Since the beginning of the Russian war of aggression against Ukraine at the end of February, the British government has regularly published intelligence information about its progress. Moscow accuses London of a targeted disinformation campaign.
11 p.m.: In view of the danger of a nuclear catastrophe in the Ukrainian nuclear power plant Zaporizhia, the UN Security Council is to meet for a crisis meeting on Thursday, according to diplomatic circles.
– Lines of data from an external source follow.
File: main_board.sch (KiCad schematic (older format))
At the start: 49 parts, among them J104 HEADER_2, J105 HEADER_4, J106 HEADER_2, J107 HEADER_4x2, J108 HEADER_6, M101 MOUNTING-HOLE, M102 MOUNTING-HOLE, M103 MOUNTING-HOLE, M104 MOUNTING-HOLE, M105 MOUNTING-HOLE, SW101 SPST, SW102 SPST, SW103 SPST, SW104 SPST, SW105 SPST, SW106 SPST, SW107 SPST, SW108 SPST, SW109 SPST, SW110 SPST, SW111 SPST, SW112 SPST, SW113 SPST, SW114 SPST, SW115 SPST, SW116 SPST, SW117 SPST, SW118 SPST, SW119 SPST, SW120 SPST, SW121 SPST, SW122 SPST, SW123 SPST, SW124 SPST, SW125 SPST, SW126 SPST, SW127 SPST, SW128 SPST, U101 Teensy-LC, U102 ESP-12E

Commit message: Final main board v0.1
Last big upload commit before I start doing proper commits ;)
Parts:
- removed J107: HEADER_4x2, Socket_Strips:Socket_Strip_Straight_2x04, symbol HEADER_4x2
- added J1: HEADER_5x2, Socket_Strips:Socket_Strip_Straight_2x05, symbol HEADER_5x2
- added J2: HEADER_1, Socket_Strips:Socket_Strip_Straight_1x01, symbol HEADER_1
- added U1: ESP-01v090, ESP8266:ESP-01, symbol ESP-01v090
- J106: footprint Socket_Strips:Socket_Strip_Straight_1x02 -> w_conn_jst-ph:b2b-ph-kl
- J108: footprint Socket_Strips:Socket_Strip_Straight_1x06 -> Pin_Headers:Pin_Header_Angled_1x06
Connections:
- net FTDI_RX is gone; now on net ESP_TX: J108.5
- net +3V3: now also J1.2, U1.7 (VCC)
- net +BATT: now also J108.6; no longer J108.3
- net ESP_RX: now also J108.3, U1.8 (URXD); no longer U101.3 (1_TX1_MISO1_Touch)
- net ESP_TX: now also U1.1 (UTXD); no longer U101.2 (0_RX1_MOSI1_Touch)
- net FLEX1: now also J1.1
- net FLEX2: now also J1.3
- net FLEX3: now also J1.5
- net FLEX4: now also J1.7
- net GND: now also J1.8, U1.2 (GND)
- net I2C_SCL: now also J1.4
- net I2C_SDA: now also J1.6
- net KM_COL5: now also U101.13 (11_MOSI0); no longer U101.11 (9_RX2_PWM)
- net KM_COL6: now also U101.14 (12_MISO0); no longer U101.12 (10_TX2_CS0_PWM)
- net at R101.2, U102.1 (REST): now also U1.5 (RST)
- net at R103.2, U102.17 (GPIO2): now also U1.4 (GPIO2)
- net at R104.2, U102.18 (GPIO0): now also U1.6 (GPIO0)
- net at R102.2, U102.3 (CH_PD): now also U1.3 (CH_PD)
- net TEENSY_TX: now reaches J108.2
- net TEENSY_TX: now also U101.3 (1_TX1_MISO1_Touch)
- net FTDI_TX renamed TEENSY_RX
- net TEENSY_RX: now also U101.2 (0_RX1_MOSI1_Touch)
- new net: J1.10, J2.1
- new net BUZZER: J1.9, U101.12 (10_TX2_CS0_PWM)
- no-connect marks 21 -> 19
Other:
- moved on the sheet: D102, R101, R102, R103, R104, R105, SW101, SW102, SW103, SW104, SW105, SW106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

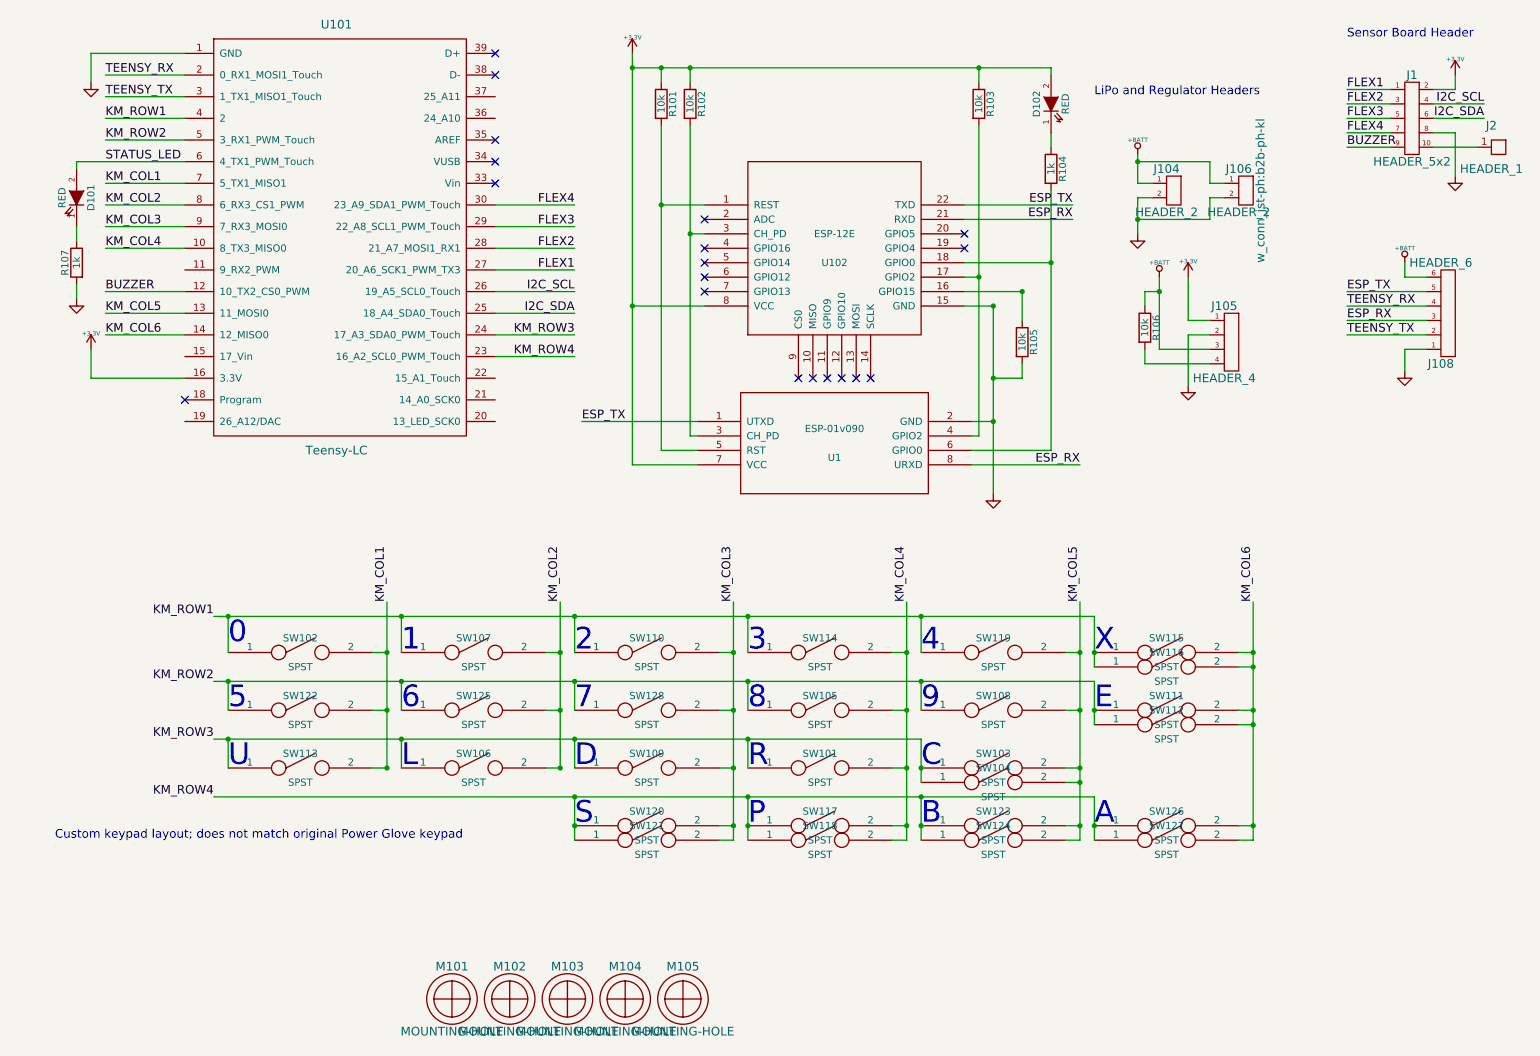
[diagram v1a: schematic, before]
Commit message: Cleaned up schematics and sensor board PCB
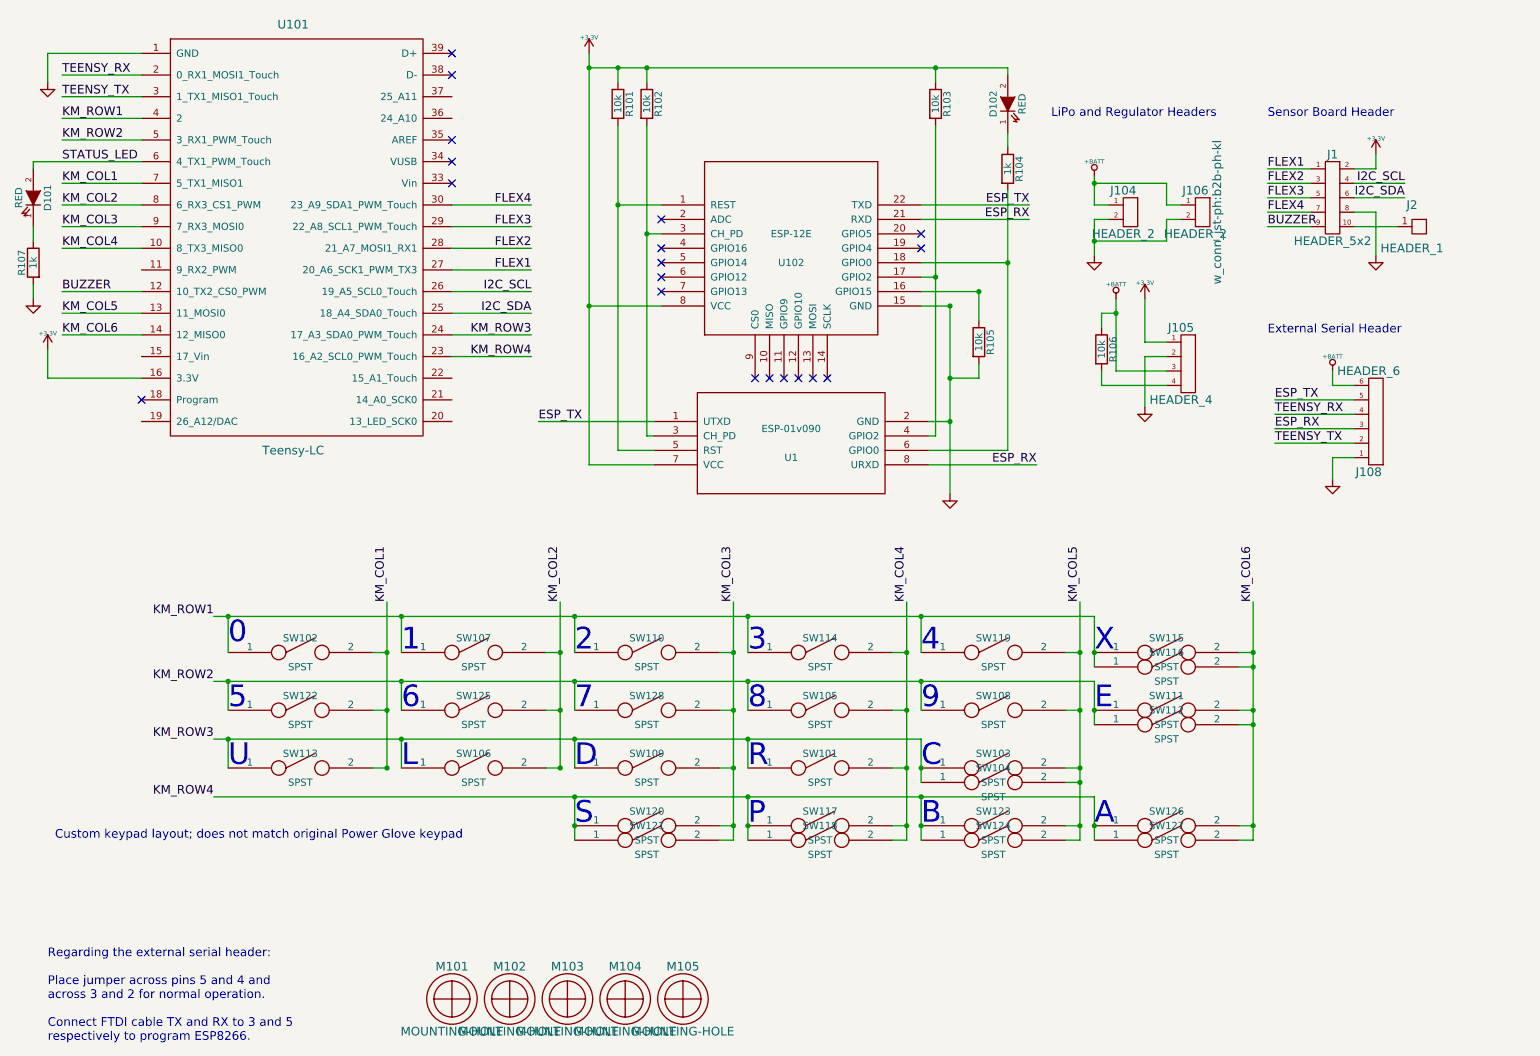
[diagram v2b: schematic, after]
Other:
- note added: "External Serial Header"
- note added: "Regarding the external serial header:\n\nPlace jumper across pins 5 and 4 and\nacross 3 and 2 for normal operation.\n\nConnect FTDI cable TX and RX to 3 and 5\nrespectively to program ESP8266."
- moved on the sheet: D101, D102, J1, J104, J105, J106, J108, J2, R101, R102, R103, R104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

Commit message: Bumped version to 0.2, cleaned schematic, added voltage divider resistors, boot and reset buttons
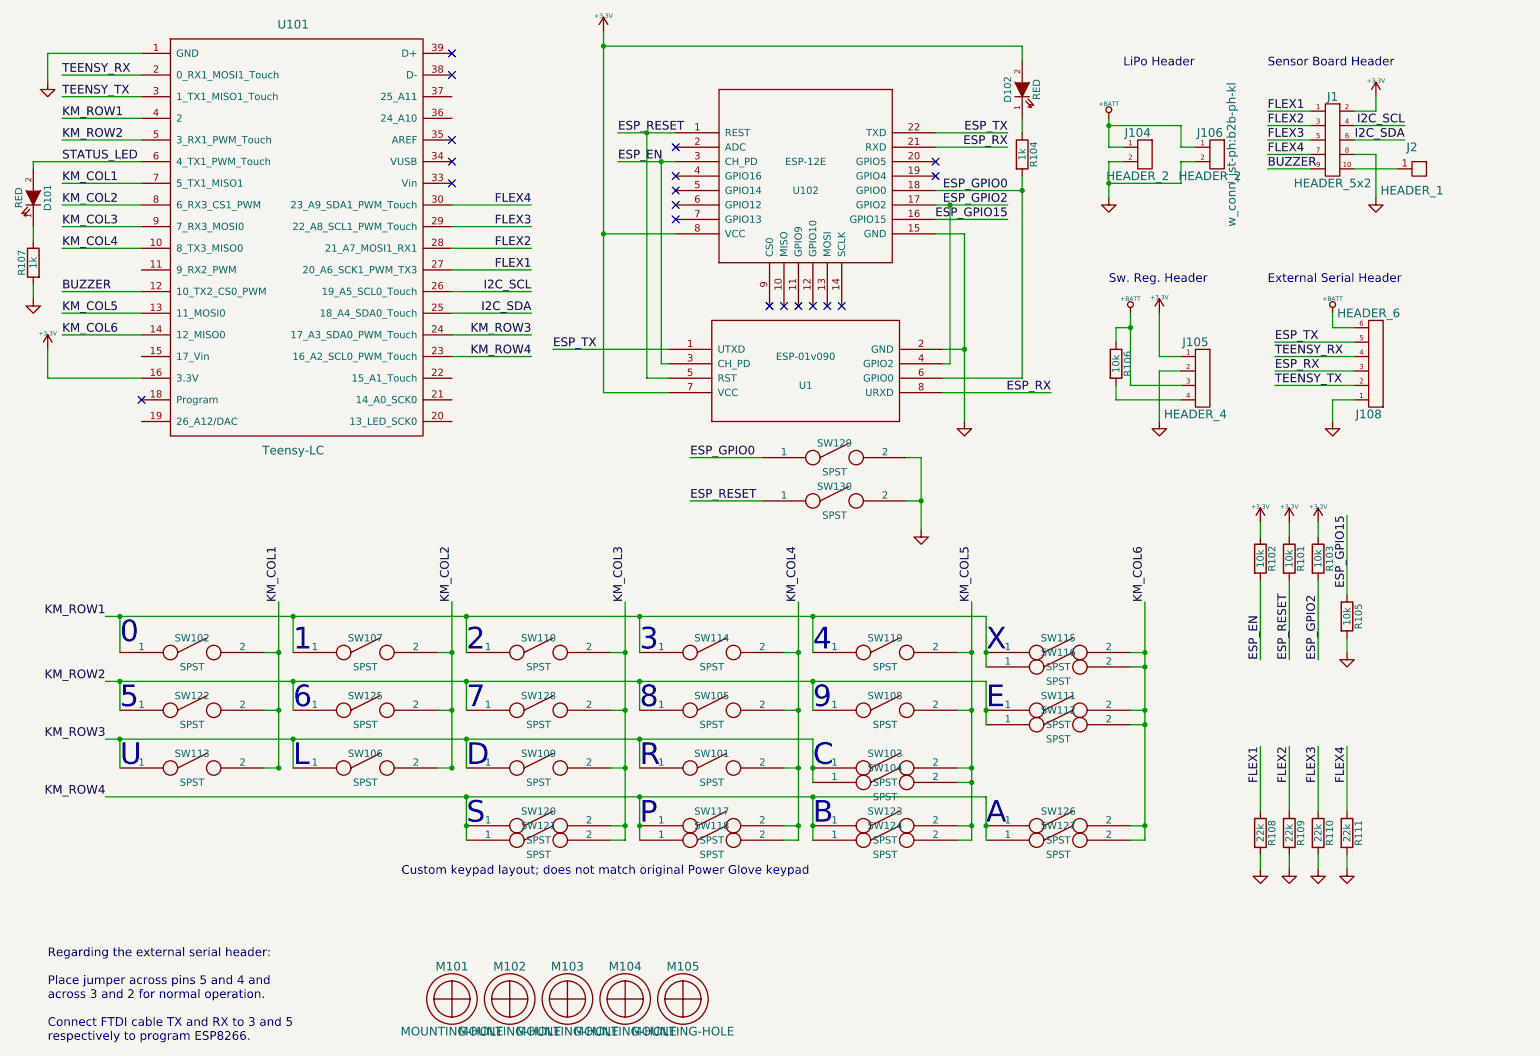
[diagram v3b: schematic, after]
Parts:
- added R108, R109, R110, R111: 22k, Resistors_SMD:R_0805, symbol R
- added SW129, SW130: SPST, Socket_Strips:Socket_Strip_Straight_1x02, symbol SPST
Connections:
- net FLEX1: now also R108.1
- net FLEX2: now also R109.1
- net FLEX3: now also R110.1
- net FLEX4: now also R111.1
- net GND: now also R108.2, R109.2, R110.2, R111.2, SW129.2, SW130.2
- net ESP_RESET: now reaches R101.2, U1.5 (RST), U102.1 (REST)
- net ESP_RESET: now also SW130.1
- net ESP_GPIO15: now reaches R105.1, U102.16 (GPIO15)
- net ESP_GPIO2: now reaches R103.2, U1.4 (GPIO2), U102.17 (GPIO2)
- net ESP_GPIO0: now reaches R104.2, U1.6 (GPIO0), U102.18 (GPIO0)
- net ESP_GPIO0: now also SW129.1
- net ESP_EN: now reaches R102.2, U1.3 (CH_PD), U102.3 (CH_PD)
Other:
- note added: "LiPo Header"
- note added: "Sw. Reg. Header"
- note removed: "LiPo and Regulator Headers"
- moved on the sheet: D102, J1, J104, J105, J106, J108, J2, R101, R102, R103, R104, R105

According to information from the AFP news agency from UN circles in New York, the 15 member states of the Security Council want to discuss the situation in Zaporizhia at the request of Russia. Heavy shelling has been reported from the area around the nuclear power plant for days.
Alongside China, France, Great Britain and the USA, Russia is a permanent member of the Security Council and has veto rights there. According to information from Security Council Presidency circles, the meeting is scheduled to take place on Thursday at 3:00 p.m. local time (9:00 p.m. CEST). China currently holds the presidency.
According to Ukrainian sources, at least 14 people died in bomb attacks on Tuesday evening in the vicinity of the Zaporizhia nuclear power station. Russia and Ukraine have been blaming each other for the attacks in the region for days.
Located in the south of Ukraine, the plant is the largest nuclear power plant in Europe and has six of the 15 Ukrainian nuclear reactors. It has been occupied by the Russian army since early March and is not far from the Crimean Peninsula, which Russia annexed in 2014.
The G7 group of seven major industrialized countries urged Russia on Wednesday to withdraw its army from the nuclear power plant site. “It is Russia’s continued dominance over the nuclear power plant that is endangering the region,” the G7 foreign ministers said in a joint statement. At the weekend, the International Atomic Energy Agency (IAEA) was “alarmed” by the situation on the ground and warned of a “very real danger of a nuclear catastrophe”.
6:57 p.m .: Ukraine has threatened to cut the power lines if the Zaporizhia nuclear power plant is connected to the Crimean peninsula annexed by Russia. “I think our armed forces will be ready if necessary,” Enerhoatom head Petro Kotin told the RBK-Ukrainian agency on Wednesday. This could happen before the power plant is disconnected from the Ukrainian grid.
According to Kotin, Russia has long wanted to connect the nuclear power plant to Crimea. “To do this, the power plant must be completely disconnected from the Ukrainian energy system and connected to the line that connects Crimea to the Kakhovka hydroelectric power plant,” explained the 61-year-old. Kotin also said that Ukrainian troops would shell power lines if Russia connected the nuclear power plant to its grid.
If the power plant failed, the power supply for the entire Russian-occupied south would be at risk. Russia attacked Ukraine in late February and then occupied Europe’s largest nuclear power plant, Zaporizhia, in early March.